(Beginning of SOURCE MATERIAL)

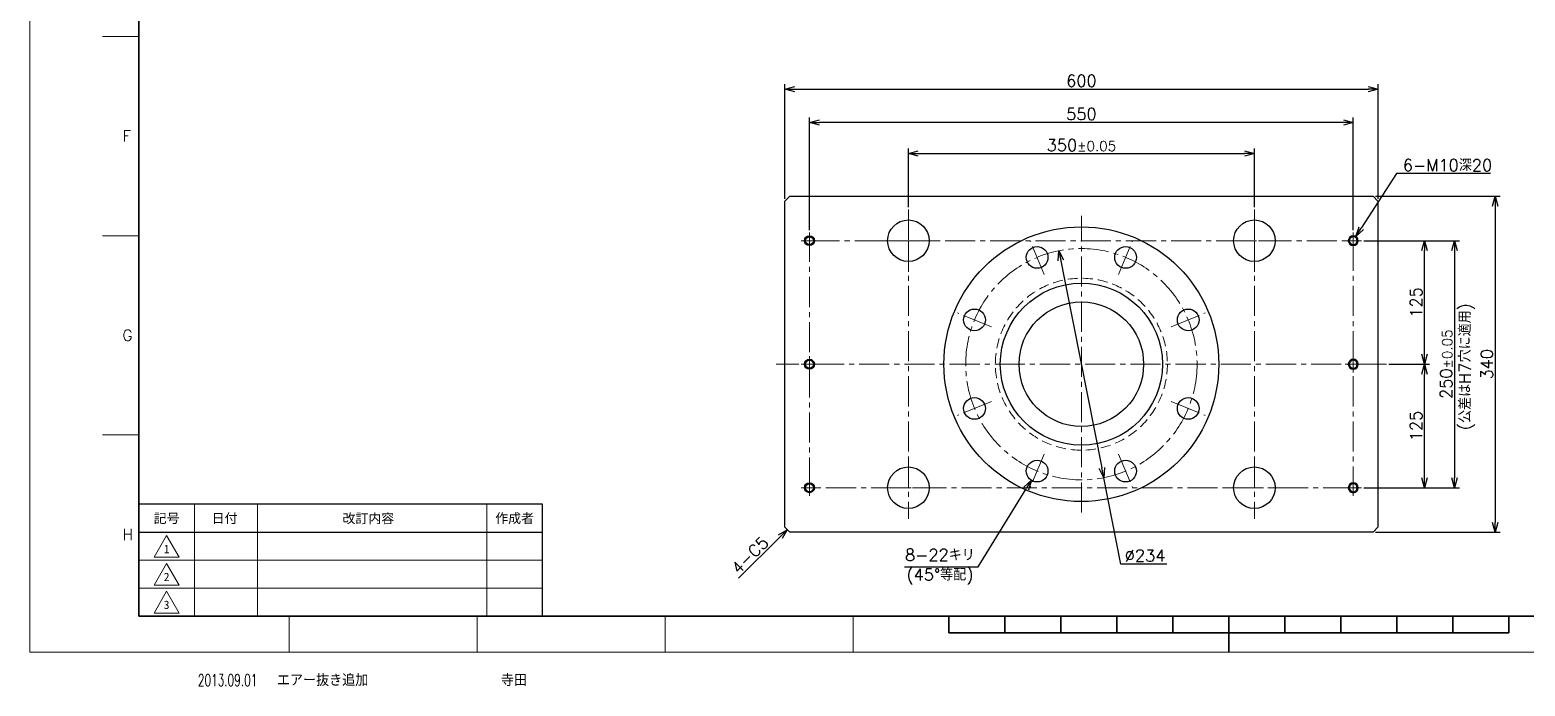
# Model space of a CAD drawing. Header units: millimetres. Extents: x 0 to 2352, y -34 to 1655.
# Drawn here: x 0 to 1512, y -34 to 630 of the extents above; entities that cross this region are included whole.
import ezdxf
from ezdxf import colors
from ezdxf.entities.mleader import LeaderData, LeaderLine
from ezdxf.enums import TextEntityAlignment as Align
from ezdxf.math import Vec2, Vec3

# ---------------------------------------------------------------- set-up
doc = ezdxf.new("R2010")
doc.units = ezdxf.units.MM
doc.header["$LTSCALE"] = 1.6
doc.header["$PDMODE"] = 99
doc.header["$PDSIZE"] = 1
doc.linetypes.add('CENTER2', pattern=[28.575, 19.05, -3.175, 3.175, -3.175])
doc.linetypes.add('HIDDEN', pattern=[9.525, 6.35, -3.175])
for name, color, linetype, lineweight in [('04_HIDDEN', 2, 'HIDDEN', 13), ('05_CENTER', 4, 'CENTER2', 13), ('08_DIM', 3, 'Continuous', 13), ('90_FRAME', 5, 'Continuous', 35)]:
    doc.layers.add(name, color=color, linetype=linetype, lineweight=lineweight)
doc.layers.add('91_BLANK', color=5, linetype='Continuous', lineweight=0, plot=False)
doc.styles.add('KSS_TXT', font='txt.shx', dxfattribs={"bigfont": 'extfont2.shx'})
doc.styles.add('MS_G', font='MS Gothic.ttf')
doc.styles.get("Standard").update_dxf_attribs({"font": 'txt.shx', "bigfont": 'extfont2.shx'})
doc.styles.add('表題用', font='MS PGothic.ttf')
doc.dimstyles.new('KSS_DIM', dxfattribs={"dimscale": 4, "dimtxt": 3, "dimasz": 2.5, "dimexe": 1.25, "dimexo": 0.625, "dimtad": 1, "dimdsep": 46, "dimtxsty": 'KSS_TXT', "dimblk": 'OPEN30', "dimcen": 0, "dimazin": 2, "dimtfac": 0.75, "dimtmove": 0, "dimatfit": 3, "dimldrblk": 'OPEN30', "dimfxl": 1.25, "dimtolj": 1, "dimarcsym": 0})
doc.dimstyles.new('KSS_DIM$3', dxfattribs={"dimscale": 4, "dimtxt": 3, "dimasz": 2.5, "dimexe": 1.25, "dimexo": 0.625, "dimtad": 1, "dimtih": 1, "dimtoh": 1, "dimdsep": 46, "dimtxsty": 'KSS_TXT', "dimblk": 'OPEN30', "dimcen": 0, "dimazin": 2, "dimtfac": 0.75, "dimtofl": 0, "dimtmove": 0, "dimatfit": 3, "dimldrblk": 'OPEN30', "dimfxl": 1.25, "dimtolj": 1, "dimarcsym": 0})

# ---------------------------------------------------------------- blocks, each defined once
blk = doc.blocks.new('AM_BALLOON1')
at = {"transparency": 16777216}
blk.add_circle((0, 0), 5, dxfattribs=at)
blk.add_attdef('B_NUMBER', text='', height=3, dxfattribs=at).set_placement((0, 0), align=Align.MIDDLE_CENTER)
blk = doc.blocks.new('_OPEN')
at = {"color": 0, "linetype": 'ByBlock'}
for p, q in [((-1, 0.17), (0, 0)), ((0, 0), (-1, -0.17)), ((0, 0), (-1, 0))]:
    blk.add_line(p, q, dxfattribs=at)
blk = doc.blocks.new('_Open30')
at = {"color": 0, "linetype": 'ByBlock', "lineweight": -2}
for p, q in [((-1, 0.27), (0, 0)), ((0, 0), (-1, -0.27)), ((0, 0), (-1, 0))]:
    blk.add_line(p, q, dxfattribs=at)
blk = doc.blocks.new('*D154')
at = {"layer": '08_DIM', "color": 0, "lineweight": -2, "transparency": 16777216}
for p, q in [((888.6, 450.5), (888.6, 509.7)), ((898.6, 504.7), (1228.6, 504.7)), ((1238.6, 450.5), (1238.6, 509.7))]:
    blk.add_line(p, q, dxfattribs=at)
at = {"layer": 'Defpoints', "color": 0, "transparency": 16777216}
for p in [(1238.6, 504.7), (888.6, 448), (1238.6, 448)]:
    blk.add_point(p, dxfattribs=at)
at = {"layer": '08_DIM', "color": 0, "lineweight": -2, "transparency": 16777216, "xscale": 10, "yscale": 10, "zscale": 10, "rotation": 180}
blk.add_blockref('_Open30', (888.6, 504.7), dxfattribs=at)
at = {"layer": '08_DIM', "color": 0, "lineweight": -2, "transparency": 16777216, "xscale": 10, "yscale": 10, "zscale": 10}
blk.add_blockref('_Open30', (1238.6, 504.7), dxfattribs=at)
at = {"layer": '08_DIM', "color": 0, "transparency": 16777216, "insert": (1063.6, 513.2), "char_height": 12, "attachment_point": 5, "style": 'KSS_TXT'}
blk.add_mtext('350{\\H10.000000;%%p0.05}', dxfattribs=at)
blk = doc.blocks.new('*D155')
at = {"layer": '08_DIM', "color": 0, "lineweight": -2, "transparency": 16777216}
for p, q in [((788.6, 427.3), (788.6, 541.1)), ((1328.6, 536.1), (798.6, 536.1)), ((1338.6, 427.3), (1338.6, 541.1))]:
    blk.add_line(p, q, dxfattribs=at)
at = {"layer": 'Defpoints', "color": 0, "transparency": 16777216}
for p in [(788.6, 536.1), (788.6, 424.8), (1338.6, 424.8)]:
    blk.add_point(p, dxfattribs=at)
at = {"layer": '08_DIM', "color": 0, "lineweight": -2, "transparency": 16777216, "xscale": 10, "yscale": 10, "zscale": 10, "rotation": 180}
blk.add_blockref('_Open30', (788.6, 536.1), dxfattribs=at)
at = {"layer": '08_DIM', "color": 0, "lineweight": -2, "transparency": 16777216, "xscale": 10, "yscale": 10, "zscale": 10}
blk.add_blockref('_Open30', (1338.6, 536.1), dxfattribs=at)
at = {"layer": '08_DIM', "color": 0, "transparency": 16777216, "insert": (1063.6, 544.7), "char_height": 12, "attachment_point": 5, "style": 'KSS_TXT'}
blk.add_mtext('\\A1;550', dxfattribs=at)
blk = doc.blocks.new('*D156')
at = {"layer": '08_DIM', "color": 0, "lineweight": -2, "transparency": 16777216}
for p, q in [((763.6, 459), (763.6, 574.8)), ((1363.6, 459), (1363.6, 574.8)), ((773.6, 569.8), (1353.6, 569.8))]:
    blk.add_line(p, q, dxfattribs=at)
at = {"layer": 'Defpoints', "color": 0, "transparency": 16777216}
for p in [(1363.6, 569.8), (763.6, 456.5), (1363.6, 456.5)]:
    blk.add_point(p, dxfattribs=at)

(End of SOURCE MATERIAL)

▶ [WHAT YOU SHOULD DO]:
Given the data above, which lines hold the string "units"? Return them.

▶ [ANSWER TO THIS EXERCISE]:
# Model space of a CAD drawing. Header units: millimetres. Extents: x 0 to 2352, y -34 to 1655.
doc.units = ezdxf.units.MM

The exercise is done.